David Woodhouse <dwmw2@infradead.org> writes: > On Tue, 2013-02-19 at 16:17 -0600, Anthony Liguori wrote: >> Right, this is what's strange to me. There's no hardware analog AFAICT >> so I'm not sure why we're exposing it as a qemu_irq other than we want >> to jump through a function pointer invocation instead of making a >> straight funciton call :-) > > Hey, don't ask me. I was just trying to do what Paolo said in response > to me first attempt — which just accessed the 'hard reset' flag in the > PIIX directly from the I440FX reset handler. > >> > That just sets a flag to say that the coming *system* reset is a hard >> > reset and not a soft reset. >> >> Yes, but this flag is in PIIX, not the i440fx. > > Yes. The Reset Control Register is in the PIIX. And the i440fx just > happens to be the only other device that *cares* if it's a hard reset or > a soft reset. For now. Thankfully they're implemented in the same C file > and even initialised together, which lets us do a special-case hack > relatively easily. > >> I suspect what we need to do is convert qemu_system_reset_request() into >> a qemu_system_cpu_reset() that takes a callback. Once the VCPUs have >> been reset, the callback can then be used to reset all or some of the >> device model. This of course means removing the reset handlers in the >> CPUs as they exist today. >> >> Cc'ing Andreas to get his thoughts. >> >> FWIW, I'm not expecting you to do this to fix this issue. Just thinking >> out loud here really. > > Sounds good to me. I'm beginning to wish I'd just ignored the fact that > we need a properly working "soft" reset to get back from 286 protected > mode to real mode, and wired up the damn PAM reset unconditionally. I'm > not convinced that the protected->real mode transition will work for > anyone anyway. Can you try out the following tree: git://github.com/aliguori/qemu.git soft-reset.2 Or better yet, post binaries of Tiano Core + SeaBIOS as a CSM for me to try out? The above implements a CPU-only soft reset that should fix the problem you're having with PAM resetting unconditionally. If it works, I'll fixup the other PC callers of reset too. Regards, Anthony Liguori
On 02/20/13 19:12, Anthony Liguori wrote: > Or better yet, post binaries of Tiano Core + SeaBIOS as a CSM for me to > try out?

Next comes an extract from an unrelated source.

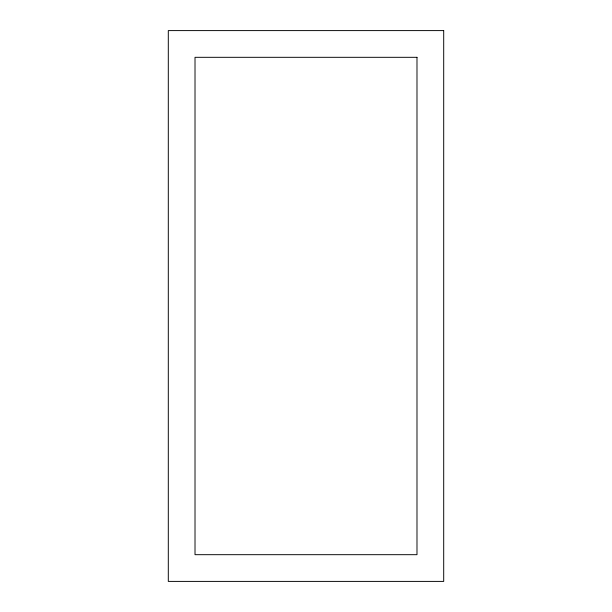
<?xml version="1.0" encoding="UTF-8"?>
<svg xmlns="http://www.w3.org/2000/svg" width="612" height="612" viewBox="0 0 612 612"><rect width="100%" height="100%" fill="white"/><g stroke="black" fill="none" stroke-linecap="round" stroke-linejoin="round"><path stroke-width="0.92" d="M443.7 30.6L168.3 30.6L168.3 581.4L443.7 581.4L443.7 30.6M416.986 57.314L195.014 57.314L195.014 554.686L416.986 554.686L416.986 57.314"/></g></svg>

I tested David's recent PAM-resetting series with these: http://people.redhat.com/~lersek/csm-test.tar.xz (Debug output of OVMF, SeaBIOS and SeaVGABIOS all goes to the qemu debug console; -debugcon file:XXXX -global isa-debugcon.iobase=0x402.) > The above implements a CPU-only soft reset that should fix the problem > you're having with PAM resetting unconditionally. If it works, I'll > fixup the other PC callers of reset too. The problem I was facing on my workstation is that the PAM registers were *not* reset, unconditionally. What I needed was KVM continuing at 0xfffffff0, or to make the reset "as hard as possible": it was "too soft". So if the linked branch makes resets softer, that's the opposite direction for my problem. Thanks Laszlo
On Thu, 2013-02-21 at 00:50 +0100, Laszlo Ersek wrote: > On 02/20/13 19:12, Anthony Liguori wrote: > > > Or better yet, post binaries of Tiano Core + SeaBIOS as a CSM for me to > > try out? > > I tested David's recent PAM-resetting series with these: > > http://people.redhat.com/~lersek/csm-test.tar.xz > > (Debug output of OVMF, SeaBIOS and SeaVGABIOS all goes to the qemu debug > console; -debugcon file:XXXX -global isa-debugcon.iobase=0x402.) Oops, sorry for not noticing that request earlier. > > The above implements a CPU-only soft reset that should fix the problem > > you're having with PAM resetting unconditionally. If it works, I'll > > fixup the other PC callers of reset too. > > The problem I was facing on my workstation is that the PAM registers > were *not* reset, unconditionally. What I needed was KVM continuing at > 0xfffffff0, or to make the reset "as hard as possible": it was "too > soft". So if the linked branch makes resets softer, that's the opposite > direction for my problem. Well... your test now works because of the bug that Anthony is trying to fix :) SeaBIOS is doing a keyboard-controller reset. And that's supposed to be a soft reset and thus *shouldn't* reset the PAM configuration. We need to fix SeaBIOS to do a "PCI" (0xcf9) reset. Or, since SeaBIOS isn't supposed to be hardware-specific, we need to fix SeaBIOS to use the ACPI RESET_REG, and fix OVMF to *set* the RESET_REG in the ACPI tables it generates. I posted patches for the SeaBIOS side of that today, if you want to do the OVMF side...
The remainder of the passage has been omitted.